By: Emiliano Vazquez-Parrales, Section Editor for Student Voices (evazqu20@uic.edu)

For the past ten years or so, the U.S. and its allies have had most of their focus drawn towards the Middle East, where they have for years dealt with bouts of political instability, tribal/secular warfare, and various humanitarian crises.  In the last couple of years the world has also witnessed various revolutions in Egypt, Syria, Venezuela, The Philippines, and Ukraine. Ukraine has become the worst of these because it has gotten to the point where an old enemy has chosen to make its presence known and stand its ground.

Following the overthrow of the Viktor Yanukovich’s government, the new Ukrainian government was met with opposition from Crimea, an area of southern Ukraine that borders Russia and was responsible for the election of Yanukovich and supporters of his pro-Russian policies. Last week, Russia, who had been mobilizing troops since the start of the revolution, invaded the Crimean state under the pretense of protecting the ethnic-Russian citizens from the new Ukrainian government.  Russia’s president, and former K.G.B colonel Vladimir Putin has been grinding an axe for quite some time and  has now decided to swing it.

Sound familiar?
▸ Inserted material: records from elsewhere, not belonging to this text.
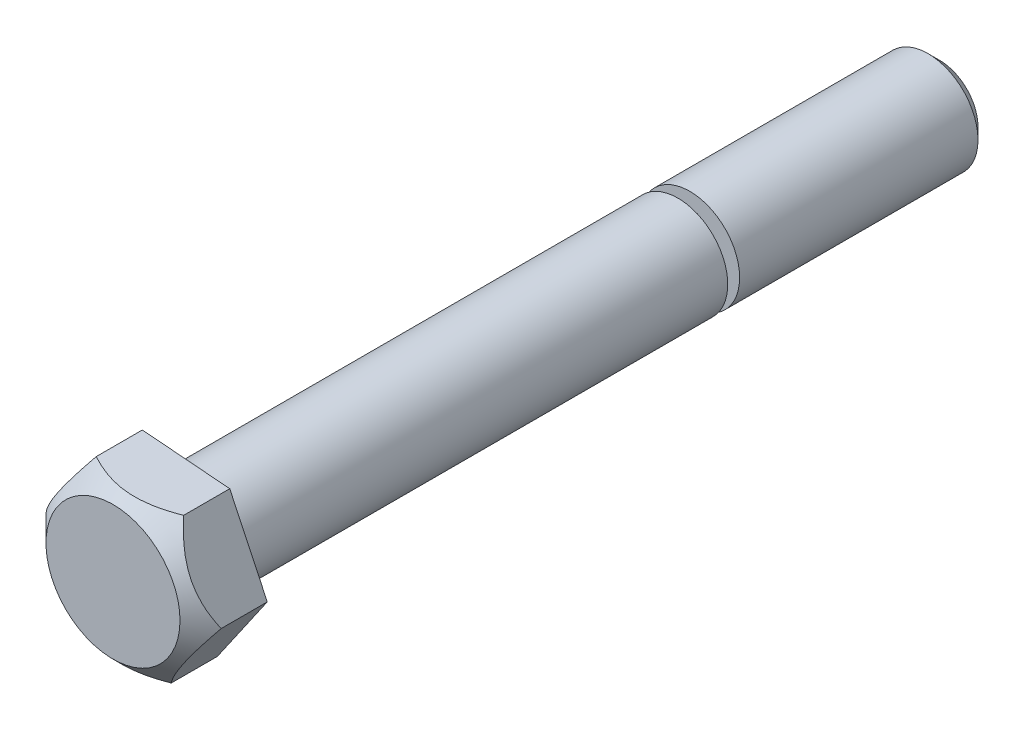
ISO-10303-21;
HEADER;
FILE_DESCRIPTION(('STEP AP214'),'2;1');
FILE_NAME('part.step','',(''),(''),'','','');
FILE_SCHEMA(('AUTOMOTIVE_DESIGN { 1 0 10303 214 1 1 1 1 }'));
ENDSEC;
DATA;
#1=APPLICATION_CONTEXT('core data for automotive mechanical design processes');
#2=APPLICATION_PROTOCOL_DEFINITION('international standard','automotive_design',2000,#1);
#3=PRODUCT_CONTEXT('',#1,'mechanical');
#4=PRODUCT('Part','Part','',(#3));
#5=PRODUCT_RELATED_PRODUCT_CATEGORY('part','',(#4));
#6=PRODUCT_DEFINITION_FORMATION('','',#4);
#7=PRODUCT_DEFINITION_CONTEXT('part definition',#1,'design');
#8=PRODUCT_DEFINITION('design','',#6,#7);
#9=PRODUCT_DEFINITION_SHAPE('','',#8);
#10=(LENGTH_UNIT() NAMED_UNIT(*) SI_UNIT(.MILLI.,.METRE.));
#11=(NAMED_UNIT(*) PLANE_ANGLE_UNIT() SI_UNIT($,.RADIAN.));
#12=(NAMED_UNIT(*) SI_UNIT($,.STERADIAN.) SOLID_ANGLE_UNIT());
#13=UNCERTAINTY_MEASURE_WITH_UNIT(LENGTH_MEASURE(1.E-05),#10,'distance_accuracy_value','');
#14=(GEOMETRIC_REPRESENTATION_CONTEXT(3) GLOBAL_UNCERTAINTY_ASSIGNED_CONTEXT((#13)) GLOBAL_UNIT_ASSIGNED_CONTEXT((#10,
#11,#12)) REPRESENTATION_CONTEXT('',''));
#15=CARTESIAN_POINT('',(0.,0.,0.));
#16=DIRECTION('',(0.,0.,1.));
#17=DIRECTION('',(1.,0.,0.));
#18=AXIS2_PLACEMENT_3D('',#15,#16,#17);
#19=CARTESIAN_POINT('',(0.,0.,31.75));
#20=DIRECTION('',(0.,0.,-1.));
#21=DIRECTION('',(-1.,0.,0.));
#22=AXIS2_PLACEMENT_3D('',#19,#20,#21);
#23=CYLINDRICAL_SURFACE('',#22,2.0828);
#24=CARTESIAN_POINT('',(0.,0.,10.4385878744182));
#25=DIRECTION('',(0.,0.,1.));
#26=DIRECTION('',(1.,0.,0.));
#27=AXIS2_PLACEMENT_3D('',#24,#25,#26);
#28=CIRCLE('',#27,2.0828);
#29=CARTESIAN_POINT('',(2.0828,0.,10.4385878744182));
#30=VERTEX_POINT('',#29);
#31=EDGE_CURVE('E119',#30,#30,#28,.T.);
#32=ORIENTED_EDGE('',*,*,#31,.F.);
#33=EDGE_LOOP('',(#32));
#34=FACE_BOUND('',#33,.T.);
#35=CARTESIAN_POINT('',(0.,0.,0.475372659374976));
#36=DIRECTION('',(0.,0.,1.));
#37=DIRECTION('',(1.,0.,0.));
#38=AXIS2_PLACEMENT_3D('',#35,#36,#37);
#39=CIRCLE('',#38,2.0828);
#40=CARTESIAN_POINT('',(2.0828,0.,0.475372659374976));
#41=VERTEX_POINT('',#40);
#42=EDGE_CURVE('E38',#41,#41,#39,.F.);
#43=ORIENTED_EDGE('',*,*,#42,.F.);
#44=EDGE_LOOP('',(#43));
#45=FACE_BOUND('',#44,.T.);
#46=ADVANCED_FACE('F34',(#34,#45),#23,.T.);
#47=CARTESIAN_POINT('',(1.56859845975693,-3.31365843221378,34.544));
#48=DIRECTION('',(-0.822458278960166,0.568825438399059,0.));
#49=DIRECTION('',(-0.568825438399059,-0.822458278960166,0.));
#50=AXIS2_PLACEMENT_3D('',#47,#48,#49);
#51=PLANE('',#50);
#52=CARTESIAN_POINT('',(1.56846013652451,-3.31385843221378,33.6783241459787));
#53=CARTESIAN_POINT('',(1.64014513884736,-3.21020989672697,33.7412813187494));
#54=CARTESIAN_POINT('',(1.71302880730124,-3.10482822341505,33.8005408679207));
#55=CARTESIAN_POINT('',(1.86164657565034,-2.88994347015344,33.9090435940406));
#56=CARTESIAN_POINT('',(1.93739480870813,-2.78041995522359,33.9582264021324));
#57=CARTESIAN_POINT('',(2.09013748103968,-2.55957104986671,34.0424774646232));
#58=CARTESIAN_POINT('',(2.16709302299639,-2.44830190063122,34.0777574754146));
#59=CARTESIAN_POINT('',(2.32269827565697,-2.22331402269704,34.1321135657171));
#60=CARTESIAN_POINT('',(2.40134323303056,-2.10960216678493,34.1512302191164));
#61=CARTESIAN_POINT('',(2.53688438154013,-1.9136247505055,34.1684785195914));
#62=CARTESIAN_POINT('',(2.59360553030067,-1.83161228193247,34.1710317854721));
#63=CARTESIAN_POINT('',(2.70695556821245,-1.66772074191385,34.1667295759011));
#64=CARTESIAN_POINT('',(2.76358441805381,-1.58584172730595,34.1598708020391));
#65=CARTESIAN_POINT('',(2.8763056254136,-1.42285940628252,34.1371361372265));
#66=CARTESIAN_POINT('',(2.93239731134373,-1.34175707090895,34.1212501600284));
#67=CARTESIAN_POINT('',(3.0436173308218,-1.18094530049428,34.0813281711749));
#68=CARTESIAN_POINT('',(3.09874573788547,-1.10123575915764,34.0572927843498));
#69=CARTESIAN_POINT('',(3.19661528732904,-0.959727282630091,34.0078406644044));
#70=CARTESIAN_POINT('',(3.2395730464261,-0.897615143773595,33.9837237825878));
#71=CARTESIAN_POINT('',(3.32471733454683,-0.774505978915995,33.9316031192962));
#72=CARTESIAN_POINT('',(3.36690383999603,-0.713508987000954,33.9035992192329));
#73=CARTESIAN_POINT('',(3.45037271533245,-0.59282228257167,33.8443323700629));
#74=CARTESIAN_POINT('',(3.49165745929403,-0.533129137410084,33.8130796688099));
#75=CARTESIAN_POINT('',(3.57346233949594,-0.414848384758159,33.7477256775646));
#76=CARTESIAN_POINT('',(3.61398292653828,-0.356260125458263,33.7136261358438));
#77=CARTESIAN_POINT('',(3.65414993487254,-0.298183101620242,33.6783241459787));
#78=B_SPLINE_CURVE_WITH_KNOTS('',3,(#52,#53,#54,#55,#56,#57,#58,#59,#60,#61,#62,#63,#64,#65,#66,
#67,#68,#69,#70,#71,#72,#73,#74,#75,#76,#77),.UNSPECIFIED.,.F.,.F.,(4,2,2,2,2,2,2,2,2,2,2,2,4),
(0.,0.422913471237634,0.848290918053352,1.26691269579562,1.68448048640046,1.98330429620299,
2.28223285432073,2.58149606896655,2.8807363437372,3.11845712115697,3.35618515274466,
3.59318483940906,3.83004003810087),.UNSPECIFIED.);
#79=CARTESIAN_POINT('',(1.56859845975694,-3.31365843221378,33.6784457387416));
#80=VERTEX_POINT('',#79);
#81=CARTESIAN_POINT('',(3.65401161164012,-0.298383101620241,33.6784457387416));
#82=VERTEX_POINT('',#81);
#83=EDGE_CURVE('E90',#80,#82,#78,.T.);
#84=ORIENTED_EDGE('',*,*,#83,.F.);
#85=DIRECTION('',(0.,0.,-1.));
#86=VECTOR('',#85,1.);
#87=CARTESIAN_POINT('',(1.56859845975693,-3.31365843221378,34.544));
#88=LINE('',#87,#86);
#89=CARTESIAN_POINT('',(1.56859845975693,-3.31365843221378,31.75));
#90=VERTEX_POINT('',#89);
#91=EDGE_CURVE('E59',#80,#90,#88,.T.);
#92=ORIENTED_EDGE('',*,*,#91,.T.);
#93=DIRECTION('',(0.568825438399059,0.822458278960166,0.));
#94=VECTOR('',#93,1.);
#95=CARTESIAN_POINT('',(1.56859845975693,-3.31365843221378,31.75));
#96=LINE('',#95,#94);
#97=CARTESIAN_POINT('',(3.65401161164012,-0.298383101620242,31.75));
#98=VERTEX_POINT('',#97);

It should, considering there was another old enemy who used a similar tactic to begin the expansion of his would-be empire.  In 1939, Adolf Hitler invaded an area of Poland known as the Polish Corridor, which formerly belonged to Germany until 1919, under the pretext that they were there to free the majority German port city of Danzig.  Ominous indeed.

This is a trying  time for the Obama administration, which already has its hands full with multiple crises in Syria, Afghanistan, and Iran.  I believe that is going to be the greatest test that President Obama will face during his administration, similar to Kennedy and the Bay of Pigs.  It is no secret that Russia and the U.S. have had an unsteady relationship since the Cold War – most recently things have gotten quite strained when Russia sided with China in protecting Syrian dictator Bashar al-Assad from the U.N. security council.

Also in a time when the U.S. is becoming more accepting of its LGBTQ community, Russia has basically outlawed homosexuality, which was the cause of a lot of protest in the U.S., as well as across the world. Russia has also been cracking down hard on public dissent and protest going as far as jailing those people who participate in such events.  It’s like looking into a reversed mirror -the U.S. does one thing and Russia does the opposite. To a certain degree I wonder if it is out of spite, or if Putin really is that much of a narcissist.

I think that what we are seeing now is the beginning of an extremely dangerous and delicate geo-political power struggle right in the middle of Europe.  What makes this situation dangerous is partially that it mostly rests on the shoulders of President Obama, because as head of NATO, he is literally the only man with the authority and  muscle to back him up against Russia.  No one in Europe can stand up to Russia other than the U.S., so Obama really has no choice but to lead.

What makes this situation even more dangerous is a statement made by German Chancellor Angela Merkel that said she told President Obama that, after having spoken to President Putin, she was not sure that Putin was completely in touch with reality.  In other words, he’s lost his mind, and the only history has shown that the only thing worst than a corrupt politician in a position of power is a crazy corrupt politician in a position of power who just invaded his neighbor without provocation.